[Records drawn from a dataset]
* * * * * * * * *

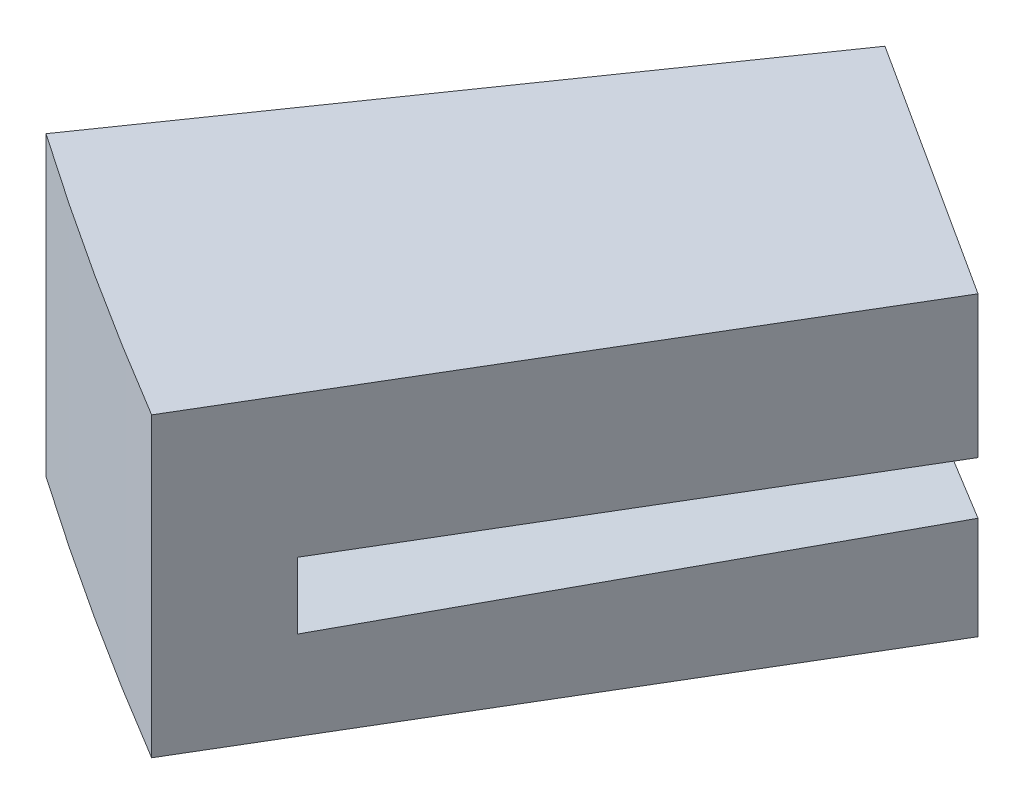
SolidWorks part; units mm, degrees
ref_plane "Front Plane" through (0, 0, 0) normal (0, 0, 1) x (1, 0, 0)
ref_plane "Top Plane" through (0, 0, 0) normal (0, 1, 0) x (1, 0, 0)
ref_plane "Right Plane" through (0, 0, 0) normal (1, 0, 0) x (0, 0, -1)
sketch "Sketch1" plane through (0, 0, 0) normal (0, 1, 0) x (1, 0, 0)
  line L2 (-201.8325, -290.8258) -> (-206.177, -297.0859)
  line L3 (-181.0539, -304.1965) -> (-184.9511, -310.7444)
  arc A0 (-201.8325, -290.8258) -> (-181.0539, -304.1965) centre (0, 0) ccw
  arc A1 (-206.177, -297.0859) -> (-184.9511, -310.7444) centre (0, 0) ccw
  dimension "D1" = 354
  dimension "D2" = 4
  dimension "D3" = 7.62
  dimension "D4" = 7.62
extrude "Boss-Extrude1" add sketch "Sketch1" along normal blind 4.7625
sketch "Sketch2" plane through (0, 4.7625, 0) normal (0, 1, 0) x (1, 0, 0)
  line L0 (-206.177, -297.0859) -> (-181.558, -261.6118)
  line L1 (-184.9511, -310.7444) -> (-162.8666, -273.6393)
  line L2 (-181.558, -261.6118) -> (-162.8666, -273.6393)
  arc A0 (-206.177, -297.0859) -> (-184.9511, -310.7444) centre (0, 0) ccw
  dimension "D1" = 35.56
  dimension "D2" = 35.56
extrude "Boss-Extrude2" add sketch "Sketch2" along normal blind 10.16
sketch "Sketch3" plane through (0, 0, 0) normal (0, -1, 0) x (1, 0, 0)
  line L0 (-184.9511, 310.7444) -> (-162.8666, 273.6393)
  line L1 (-206.177, 297.0859) -> (-181.558, 261.6118)
  line L2 (-162.8666, 273.6393) -> (-181.558, 261.6118)
  arc A0 (-206.177, 297.0859) -> (-184.9511, 310.7444) centre (0, 0) cw
  arc A1 (-184.9511, 310.7444) -> (-206.177, 297.0859) centre (0, 0) ccw construction
  line M1 (-206.177, 297.0859) -> (-201.8325, 290.8258)
  arc M2 (-201.8325, 290.8258) -> (-181.0539, 304.1965) centre (0, 0) cw
  line M3 (-181.0539, 304.1965) -> (-184.9511, 310.7444)
  arc M4 (-184.9511, 310.7444) -> (-206.177, 297.0859) centre (0, 0) ccw
  dimension "D1" = 35.56
  dimension "D2" = 35.56
extrude "Boss-Extrude3" add sketch "Sketch3" along normal blind 6.35 contours M4 M1 M2 M3 | L2 L0 L1 M2
sketch "Sketch4" plane through (0, 0, 0) normal (-0.8215, 0, -0.5701) x (-0.5701, 0, 0.8215)
  line L0 (354, 0) -> (318.44, 0)
  line L1 (318.44, 0) -> (318.44, 1)
  line L2 (318.44, 1) -> (354, 0)
  dimension "D1" = 1
sketch "Sketch5" plane through (0, 0, 0) normal (-0.8215, 0, -0.5701) x (-0.5701, 0, 0.8215)
  line L0 (0, 0) -> (0, 142.9973)
revolve "Revolve1" add sketch "Sketch4" angle 4 about L0

* * * * * * * * *

◆ What to produce: Your copy must match the records above exactly, apart from the pictures, which are excluded.

◆ Response to this exercise:
SolidWorks part; units mm, degrees
ref_plane "Front Plane" through (0, 0, 0) normal (0, 0, 1) x (1, 0, 0)
ref_plane "Top Plane" through (0, 0, 0) normal (0, 1, 0) x (1, 0, 0)
ref_plane "Right Plane" through (0, 0, 0) normal (1, 0, 0) x (0, 0, -1)
sketch "Sketch1" plane through (0, 0, 0) normal (0, 1, 0) x (1, 0, 0)
  line L2 (-201.8325, -290.8258) -> (-206.177, -297.0859)
  line L3 (-181.0539, -304.1965) -> (-184.9511, -310.7444)
  arc A0 (-201.8325, -290.8258) -> (-181.0539, -304.1965) centre (0, 0) ccw
  arc A1 (-206.177, -297.0859) -> (-184.9511, -310.7444) centre (0, 0) ccw
  dimension "D1" = 354
  dimension "D2" = 4
  dimension "D3" = 7.62
  dimension "D4" = 7.62
extrude "Boss-Extrude1" add sketch "Sketch1" along normal blind 4.7625
sketch "Sketch2" plane through (0, 4.7625, 0) normal (0, 1, 0) x (1, 0, 0)
  line L0 (-206.177, -297.0859) -> (-181.558, -261.6118)
  line L1 (-184.9511, -310.7444) -> (-162.8666, -273.6393)
  line L2 (-181.558, -261.6118) -> (-162.8666, -273.6393)
  arc A0 (-206.177, -297.0859) -> (-184.9511, -310.7444) centre (0, 0) ccw
  dimension "D1" = 35.56
  dimension "D2" = 35.56
extrude "Boss-Extrude2" add sketch "Sketch2" along normal blind 10.16
sketch "Sketch3" plane through (0, 0, 0) normal (0, -1, 0) x (1, 0, 0)
  line L0 (-184.9511, 310.7444) -> (-162.8666, 273.6393)
  line L1 (-206.177, 297.0859) -> (-181.558, 261.6118)
  line L2 (-162.8666, 273.6393) -> (-181.558, 261.6118)
  arc A0 (-206.177, 297.0859) -> (-184.9511, 310.7444) centre (0, 0) cw
  arc A1 (-184.9511, 310.7444) -> (-206.177, 297.0859) centre (0, 0) ccw construction
  line M1 (-206.177, 297.0859) -> (-201.8325, 290.8258)
  arc M2 (-201.8325, 290.8258) -> (-181.0539, 304.1965) centre (0, 0) cw
  line M3 (-181.0539, 304.1965) -> (-184.9511, 310.7444)
  arc M4 (-184.9511, 310.7444) -> (-206.177, 297.0859) centre (0, 0) ccw
  dimension "D1" = 35.56
  dimension "D2" = 35.56
extrude "Boss-Extrude3" add sketch "Sketch3" along normal blind 6.35 contours M4 M1 M2 M3 | L2 L0 L1 M2
sketch "Sketch4" plane through (0, 0, 0) normal (-0.8215, 0, -0.5701) x (-0.5701, 0, 0.8215)
  line L0 (354, 0) -> (318.44, 0)
  line L1 (318.44, 0) -> (318.44, 1)
  line L2 (318.44, 1) -> (354, 0)
  dimension "D1" = 1
sketch "Sketch5" plane through (0, 0, 0) normal (-0.8215, 0, -0.5701) x (-0.5701, 0, 0.8215)
  line L0 (0, 0) -> (0, 142.9973)
revolve "Revolve1" add sketch "Sketch4" angle 4 about L0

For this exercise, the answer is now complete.